Alison Hester is an ecologist in the UK, she is Professor at the James Hutton Institute in Dundee, Scotland and is an expert in the effects of land management on biodiversity.

Education and career 
Hester was educated at King's College London, she then did a PhD at the University of Aberdeen and was a Royal Society Postdoctoral Fellow at CSIRO Western Australia.

Her research looks at natural resource management and effects on biodiversity; her work has raised awareness of issues affecting woodland such as habitat fragmentation and invasive species such as bracken, and has shown that it is important to consider cultural context in land management for example the management of moorland for grouse shooting.

Books 
Chapter 5 Threatened Habitats: Marginal Vegetation in Upland Areas, with Rob Brooker, in Biodiversity Under Threat, edited by R E Hester, R M Harrison, published by the Royal Society of Chemistry in 2007.
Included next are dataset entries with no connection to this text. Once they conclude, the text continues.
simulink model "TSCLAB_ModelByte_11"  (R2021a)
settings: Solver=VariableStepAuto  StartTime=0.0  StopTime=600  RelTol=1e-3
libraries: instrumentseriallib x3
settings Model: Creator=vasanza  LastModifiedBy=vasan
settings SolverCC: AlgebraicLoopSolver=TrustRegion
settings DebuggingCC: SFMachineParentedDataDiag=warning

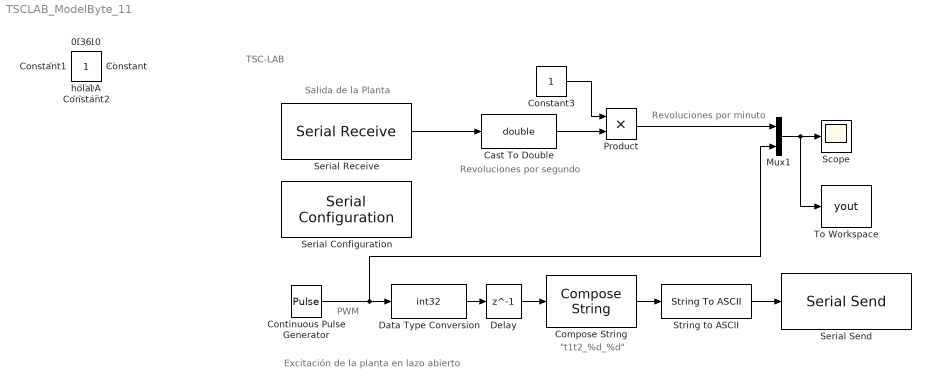
== system TSCLAB_ModelByte_11 ==
  note: "t1t2_%d_%d"
  note: PWM
  note: Excitación de la planta en lazo abierto
  note: Revoluciones por minuto
  note: Revoluciones por segundo
  note: Salida de la Planta
  note: TSC-LAB
  Cast To Double : DataTypeConversion  OutDataTypeStr=double
  Compose String : ComposeString  Format="\"t1_%d\""
  Constant3 : Constant
  Continuous Pulse Generator : DiscretePulseGenerator  PulseType=Time based  Amplitude=255  Period=600  PulseWidth=50
  Data Type Conversion : DataTypeConversion  OutDataTypeStr=int32
  Delay : Delay  DelayLength=1  InitialCondition=0
  Mux1 : Mux  Inputs=2
  Product : Product
  Scope : Scope
  Serial Configuration : instrumentseriallib/Serial Configuration  Priority=-200000  Port=<Select a port...>  ComPort=<Select a port...>  BaudRate=115200  DataBits=8  Parity=none  StopBits=1  ByteOrder=little-endian  FlowControl=none  Timeout=10  SimulateUsing=Interpreted execution  BlockInModel=on
  Serial Receive : instrumentseriallib/Serial Receive  Port=<Select a port...>  ComPort=<Select a port...>  DataType=uint8  SaveDataType=uint8  ToggleHeader=off  Header=[]  ToggleTerminator=on  Terminator=<none>  CustomTerminator=[]  ToggleDataSize=on  DataSize=[1 1]  EnableBlockingMode=on  ActionDataUnavailable=Output last received value  ActionWhenDataUnavailable=Output last received value  CustomValue=0  SampleTime=0.999  SimulateUsing=Interpreted execution  BlockInModel=on
  Serial Send : instrumentseriallib/Serial Send  Port=<Select a port...>  ComPort=<Select a port...>  Header=[]  Terminator=<none>  CustomTerminator=[]  EnableBlockingMode=on  SimulateUsing=Interpreted execution  BlockInModel=on
  String to ASCII : StringToASCII
  To Workspace : ToWorkspace  VariableName=yout  SampleTime=-1
      settings: Save2DSignal=2-D array (concatenate along first dimension)
  $ : Constant  IOType=siggen  Value=36
  , : Constant  IOType=siggen  Value=44
  {0,10,255,311,12345} (5 alike) : Constant  IOType=siggen
  0A : Constant  IOType=siggen  Value=10
  0D : Constant  IOType=siggen  Value=13
  13 : Constant  IOType=siggen  Value=13
  36 : Constant  IOType=siggen  Value=36
  Constant : Constant  IOType=siggen
  Constant1 : Constant  IOType=siggen
  Constant2 : Constant  IOType=siggen
  hola : Constant  IOType=siggen
  wires:
  Mux1/1 -> To Workspace/1, Scope/1
  Data Type Conversion/1 -> Delay/1
  Serial Receive/1 -> Cast To Double/1
  Cast To Double/1 -> Product/2
  Constant3/1 -> Product/1
  Product/1 -> Mux1/1
  Delay/1 -> Compose String/1
  Compose String/1 -> String to ASCII/1
  String to ASCII/1 -> Serial Send/1
  Continuous Pulse Generator/1 -> Data Type Conversion/1, Mux1/2

Chapter 9 Plant traits, Browsing and Grazing Herbivores, and Vegetation Dynamics, with Christina Skarpe, in The Ecology of Browsing and Grazing, edited by Gordon, Iain J., Prins, Herbert H.T., published by Springer in 2008.

Awards and honours 

 Gave the British Ecological Society's '12 Months in Ecology' plenary lecture at their 2016 Annual Meeting
 Recognised by Visit Aberdeenshire for bringing an academic conference to North East Scotland thus supporting the local economy.
 Awarded an Honorary Fellowship of the Royal Scottish Geographical Society in 2019.
 Chair of the Natural Capital Initiative.
 Fellow of the Royal Society of Biology.

References

External links 
James Hutton Institute profile

Alumni of King's College London
Alumni of the University of Aberdeen
Living people
Women ecologists
British ecologists
21st-century British women scientists
20th-century British women scientists
Fellows of the Royal Society of Biology
Year of birth missing (living people)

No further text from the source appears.